PR #39945 — Fix LLK_ASSERT hits for sdpa tests (kernel code fix)

Addressed LLK assert failures in SDPA/MLA kernels caused by unpacker configuration mismatches. The fixes were entirely in kernel code:

Fixed operand ordering — reconfig_data_format(in0, in1) in sdpa_flash_decode.cpp was reordered to reconfig_data_format(in1, in0) to match the state_configure(in1, in0) call used by the matmul path.
Added missing reconfigure calls — reconfig_data_format and pack_reconfig_data_format calls were added in compute_common.hpp to keep unpacker/packer configuration consistent before matmul init and execution in the SDPA inner loop.

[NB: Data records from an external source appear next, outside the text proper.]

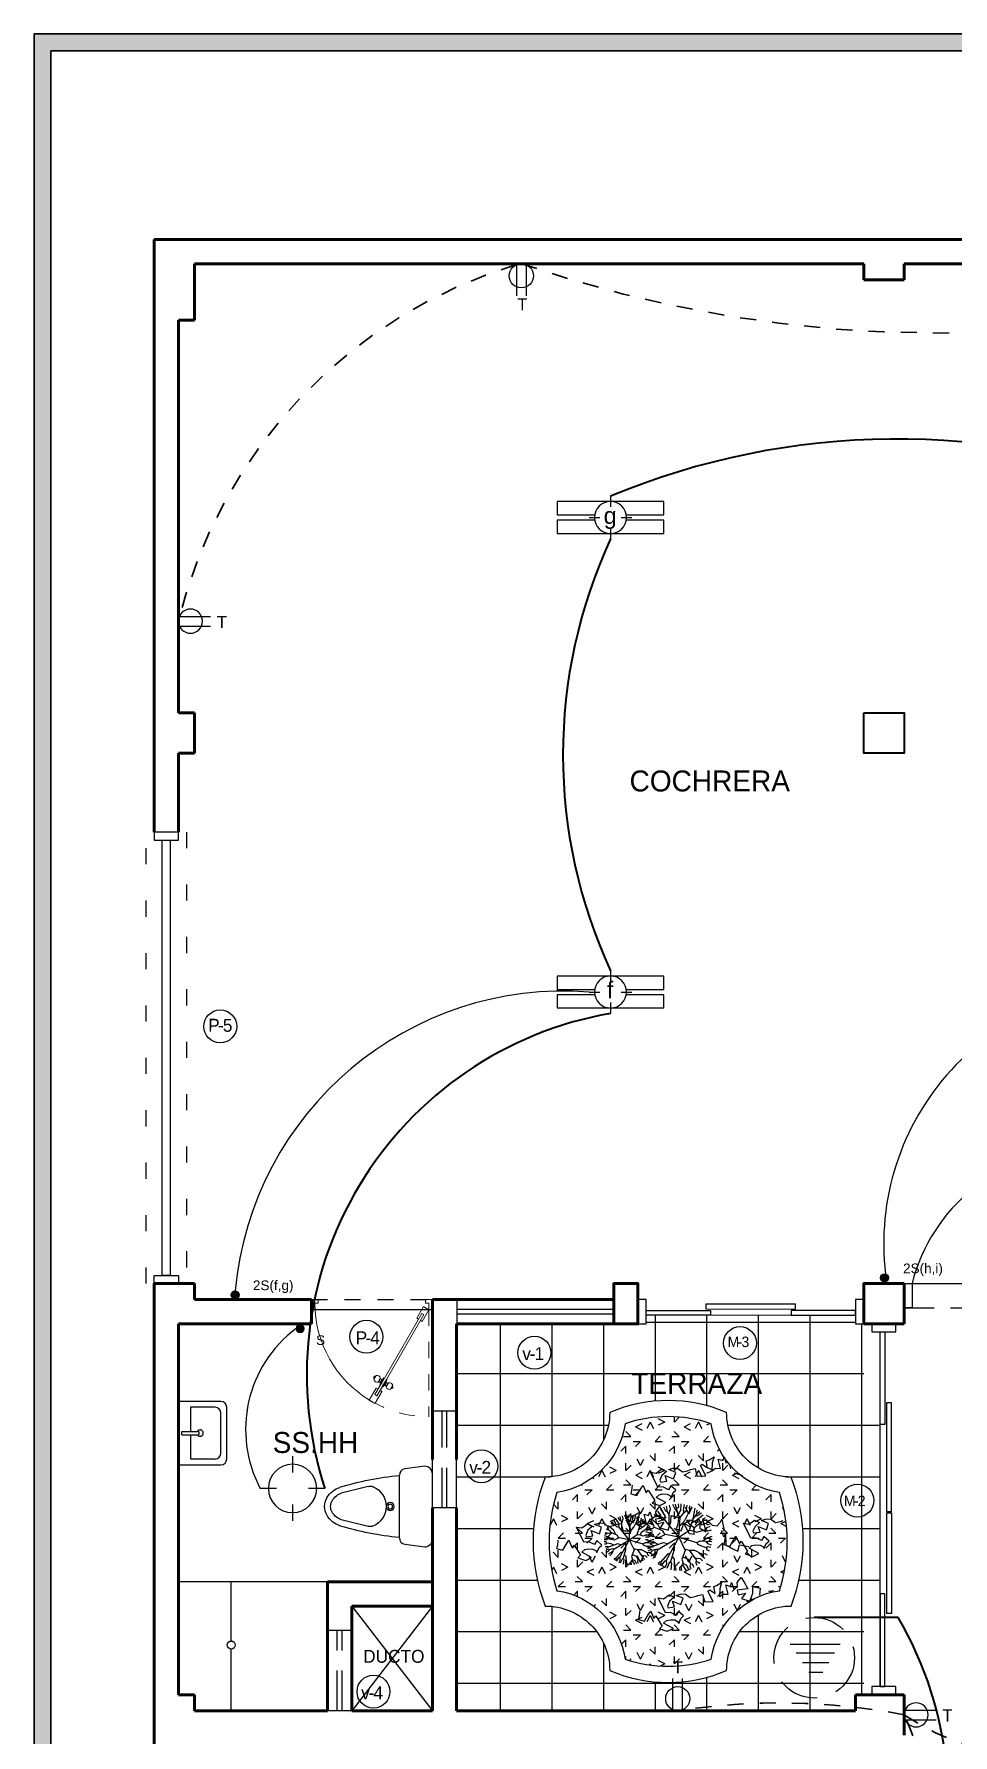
# Model space of a CAD drawing. Header units: metres. Extents: x 1996 to 3973, y 1775 to 3610.
# Drawn here: x 2228.48 to 2234.18, y 1795.09 to 1805.64 of the extents above; entities that cross this region are included whole.
import ezdxf
from ezdxf.enums import TextEntityAlignment as Align

# ---------------------------------------------------------------- set-up
doc = ezdxf.new("R2010")
doc.units = ezdxf.units.M
for name, pattern in [('ACAD_ISO07W100', [3, 0, -3]), ('DASHED2', [0.375, 0.25, -0.125]), ('HIDDEN', [0.375, 0.25, -0.125]), ('TRAZOS1', [0.15, 0.1, -0.05])]:
    doc.linetypes.add(name, pattern=pattern)
for name, color, linetype in [('0.1', 24, 'Continuous'), ('0.2', 2, 'Continuous'), ('ESQUEMA', 7, 'Continuous'), ('MOVABLE_FURNISHINGS', 130, 'Continuous'), ('muro', 5, 'Continuous'), ('MURO A', 6, 'Continuous'), ('piso', 8, 'Continuous'), ('PROY. DE VIGA', 4, 'ACAD_ISO07W100'), ('PROYECCION DE VIGA', 4, 'ACAD_ISO07W100'), ('PROYECCIONES 0.1', 1, 'HIDDEN'), ('puertas', 42, 'Continuous'), ('subtitulos-cori', 3, 'Continuous'), ('TEXTURA', 21, 'Continuous'), ('TOMACORRIENTE', 4, 'HIDDEN'), ('VIVIENDA1', 7, 'Continuous')]:
    doc.layers.add(name, color=color, linetype=linetype)
for name, color, linetype, lineweight in [('ACCESORIO', 151, 'Continuous', 25), ('CABLE-INTERRUPTOR', 2, 'Continuous', 25), ('CABLE-LUZ', 1, 'Continuous', 40), ('CABLE-TOMACORRIENTE', 3, 'TRAZOS1', 30), ('P-SANIT', 21, 'Continuous', 18), ('puerta', 34, 'Continuous', 18), ('TEX-CORTE', 31, 'Continuous', 13), ('ventana alta', 210, 'HIDDEN', 25), ('ventana baja', 3, 'Continuous', 25)]:
    doc.layers.add(name, color=color, linetype=linetype, lineweight=lineweight)
doc.styles.add('A-0', font='swissel.ttf', dxfattribs={"height": 0.06})
doc.styles.add('A-1', font='swissel.ttf', dxfattribs={"height": 0.1})
doc.styles.add('ARIAL', font='arial.ttf')
doc.styles.add('huber', font='comic.ttf', dxfattribs={"height": 0.13})

# ---------------------------------------------------------------- blocks, each defined once
blk = doc.blocks.new('inodoro')
at = {"layer": 'subtitulos-cori'}
for p, q in [((1585.506, 993.252), (1585.506, 993.642)), ((1585.699, 993.572), (1585.868, 993.53)), ((1585.699, 993.324), (1585.868, 993.365))]:
    blk.add_line(p, q, dxfattribs=at)
for points in [[(1585.506, 993.252, -0.375116), (1585.473, 993.214), (1585.349, 993.197, -0.414214), (1585.302, 993.245), (1585.302, 993.649, -0.414214), (1585.349, 993.697), (1585.473, 993.68, -0.374475), (1585.506, 993.642)], [(1585.876, 993.328, 0.072735), (1585.919, 993.351, 0.106053), (1585.957, 993.395, 0.126698), (1585.97, 993.447, 0.126698), (1585.957, 993.5, 0.106053), (1585.919, 993.543, 0.072735), (1585.876, 993.566, 0.075527)], [(1585.868, 993.365, 0.063348), (1585.896, 993.381, 0.106053), (1585.924, 993.413, 0.126698), (1585.933, 993.447, 0.126698), (1585.924, 993.482, 0.106053), (1585.896, 993.514, 0.063348), (1585.868, 993.53, 0.032432)]]:
    blk.add_lwpolyline(points, format="xyb", dxfattribs=at)
for radius in [0.0243, 0.0144]:
    blk.add_circle((1585.563, 993.447), radius, dxfattribs=at)
for centre, radius, start, end in [((1585.364, 991.935), 1.71, 72.5571, 85.242), ((1585.72, 993.448), 0.132, 112.0061, 248.1601), ((1585.688, 993.527), 0.0465, 75.9208, 112.0061), ((1585.361, 994.971), 1.722, 274.8314, 287.4286), ((1585.688, 993.369), 0.0465, 248.1601, 283.4542)]:
    blk.add_arc(centre, radius, start, end, dxfattribs=at)
blk = doc.blocks.new('ARBUSTO')
at = {"layer": '0.2'}
for p, q in [((-0.244, 0.152), (-0.266, 0.165)), ((-0.22, 0.159), (-0.244, 0.152)), ((-0.226, 0.183), (-0.243, 0.196)), ((-0.22, 0.159), (-0.226, 0.183)), ((-0.201, 0.199), (-0.223, 0.219)), ((-0.149, 0.121), (-0.22, 0.159)), ((-0.15, 0.191), (-0.201, 0.199)), ((-0.188, 0.235), (-0.194, 0.245)), ((-0.162, 0.222), (-0.188, 0.235)), ((-0.161, 0.24), (-0.17, 0.262)), ((-0.163, 0.209), (-0.161, 0.24)), ((-0.098, 0.119), (-0.163, 0.209)), ((-0.129, 0.252), (-0.139, 0.28)), ((-0.108, 0.245), (-0.129, 0.252)), ((-0.104, 0.27), (-0.113, 0.291)), ((-0.109, 0.245), (-0.104, 0.27)), ((-0.087, 0.203), (-0.109, 0.245)), ((-0.071, 0.256), (-0.091, 0.299)), ((-0.038, 0.181), (-0.087, 0.203)), ((-0.04, 0.244), (-0.071, 0.256)), ((-0.033, 0.254), (-0.065, 0.306)), ((-0.019, 0.274), (-0.006, 0.286)), ((-0.006, 0.286), (-0.011, 0.312)), ((0, 0), (0.119, 0.217)), ((0.03, 0.284), (0.027, 0.311)), ((0.04, 0.277), (0.03, 0.284)), ((0.04, 0.277), (0.043, 0.309)), ((0.044, 0.204), (0.04, 0.277)), ((0.062, 0.18), (0.044, 0.204)), ((0.045, 0.123), (0.076, 0.228)), ((0.067, 0.244), (0.075, 0.303)), ((0.076, 0.228), (0.067, 0.244)), ((0.076, 0.228), (0.09, 0.239)), ((0.09, 0.239), (0.111, 0.292)), ((0.105, 0.157), (0.169, 0.228)), ((0.116, 0.252), (0.129, 0.285)), ((0.119, 0.217), (0.116, 0.252)), ((0.119, 0.217), (0.137, 0.227)), ((0.137, 0.227), (0.164, 0.266)), ((0.166, 0.245), (0.176, 0.258)), ((0.169, 0.228), (0.166, 0.245)), ((0.169, 0.228), (0.184, 0.231)), ((0.184, 0.231), (0.193, 0.246)), ((0.206, 0.141), (0.222, 0.177)), ((0.222, 0.177), (0.242, 0.198)), ((-0.299, 0.018), (-0.312, 0.016)), ((-0.265, 0.004), (-0.312, -0.01)), ((-0.201, 0.033), (-0.31, 0.04)), ((-0.268, 0.059), (-0.304, 0.071)), ((-0.269, 0.087), (-0.299, 0.092)), ((-0.282, 0.038), (-0.299, 0.018)), ((-0.261, 0.115), (-0.285, 0.127)), ((-0.256, 0.096), (-0.269, 0.087)), ((-0.255, 0.036), (-0.268, 0.059)), ((-0.221, 0.034), (-0.265, 0.004)), ((-0.259, 0.097), (-0.261, 0.115)), ((-0.174, 0.063), (-0.259, 0.097)), ((-0.17, 0.047), (-0.201, 0.033)), ((-0.17, 0.047), (-0.174, 0.063)), ((0, 0), (-0.17, 0.047)), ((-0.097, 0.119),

After the kernel fixes, all skip_with_llk_assert decorators were removed from the SDPA/MLA test files.

PR #40282 — Enrich LLK API with more customized hw (re)configure options (LLK API extension)

Addressed LLK assert failures in pooling-related kernels (compute_pool_2d.cpp) where the kernel legitimately needs to change face_r_dim or num_faces dynamically — for example, using different geometry for the last block. Because the existing LLK HW configure/reconfig API always derived these values from the circular buffer metadata, there was no way to express the kernel’s intent without triggering an assert.

The fix added new LLK pack/unpack reconfig API overloads that accept explicit face_r_dim and num_faces parameters, allowing kernels to configure hardware with geometry that differs from the CB metadata when there is a documented reason to do so. After the API was extended, skip_with_llk_assert was removed from multiple pool and reduction test files (test_avgpool2d.py, test_upsample.py, test_rotate.py, test_grid_sample.py, test_adaptive_pool2d.py, test_reduction.py).